Studies of Convection-Permitting Ensemble Forecasting for ICON-D2 with a 1km Nest over the Alps

Within the context of the “Global-to-Regional ICON digital twin” (GLORI) project, a convection-permitting ensemble forecasting is established in order to study the predictability of high-impact weather events with high-resolution modeling (up to 500 m) and the influence of the land-surface—atmosphere coupling mechanisms.

At the DWD, ICON-D2-EPS is the limited-area high-resolution component of the ICON modeling system, running as an ensemble of 20 members at 2 km horizontal resolution over Germany and surrounding areas. The perturbed initial conditions are provided by the km-scale ensemble data assimilation system KENDA, run at the same resolution, assimilating a wide range of observations, including radar-derived radar volumes. Boundary conditions are provided by ICON-EPS, the global ensemble with a refinement at 13 km over Europe and is refreshed every 3 hours.

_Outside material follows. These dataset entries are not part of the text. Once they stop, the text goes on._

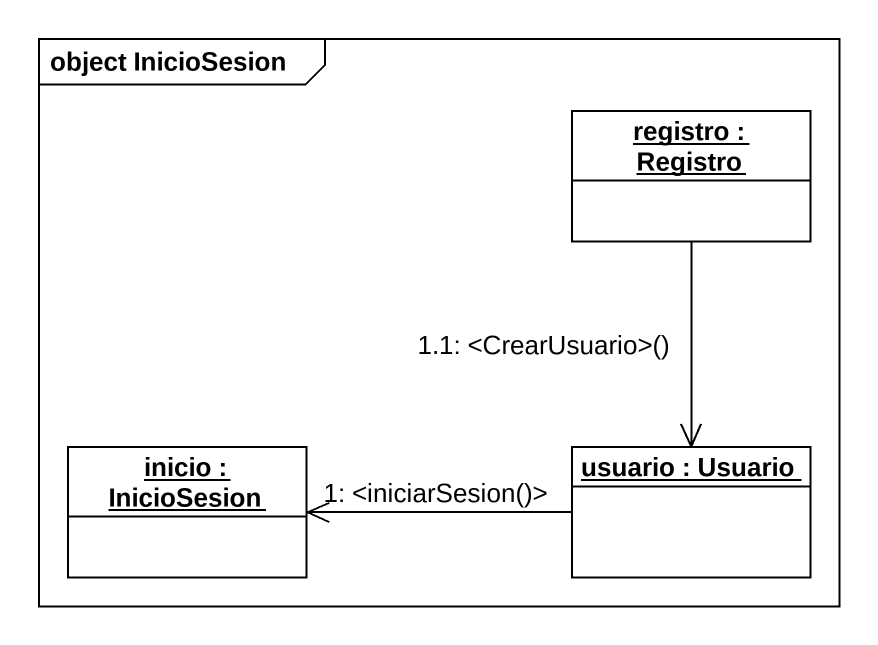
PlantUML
@startuml
mainframe object InicioSesion
hide circle
hide empty members
object "registro : Registro" as registro
object "inicio : InicioSesion" as inicio
object "usuario : Usuario" as usuario
usuario -left-> inicio : 1: <iniciarSesion()>
registro --> usuario : 1.1: <CrearUsuario>()
@enduml

In this work, we employ a nested domain with horizontal resolution of 1-km in the southern region of the ICON-D2, encompassing the Alps mountains. We run a 24-hour forecast simulation starting at 00UTC on the 21st of June 2022, with 20 ensemble members. The choice of the date is crucial as it corresponds to a day when the DWD recorded instances of heavy rain and hail in southern Germany.

In our study, we perform all experiments using a two-moment microphysics scheme. Additionally, we incorporate the standard operational model perturbations and subsequently analyze the influence of various convection schemes on the predictability of processes that lead to convection development. Specifically, we examine the behavior of the convection scheme in two configurations: shallow convection only and deep convection parameterization in the so-called gray-zone-tuning version. By selectively enabling and disabling these schemes, our goal is to evaluate their individual contributions to predictability.

Following this, we implement a tailored variant of the stochastically perturbed parameterization scheme (SPP) in ICON in order to delve into the influence of some uncertain parameters within either microphysics or turbulent parameterization, further advancing our understanding of its effects on the model performance.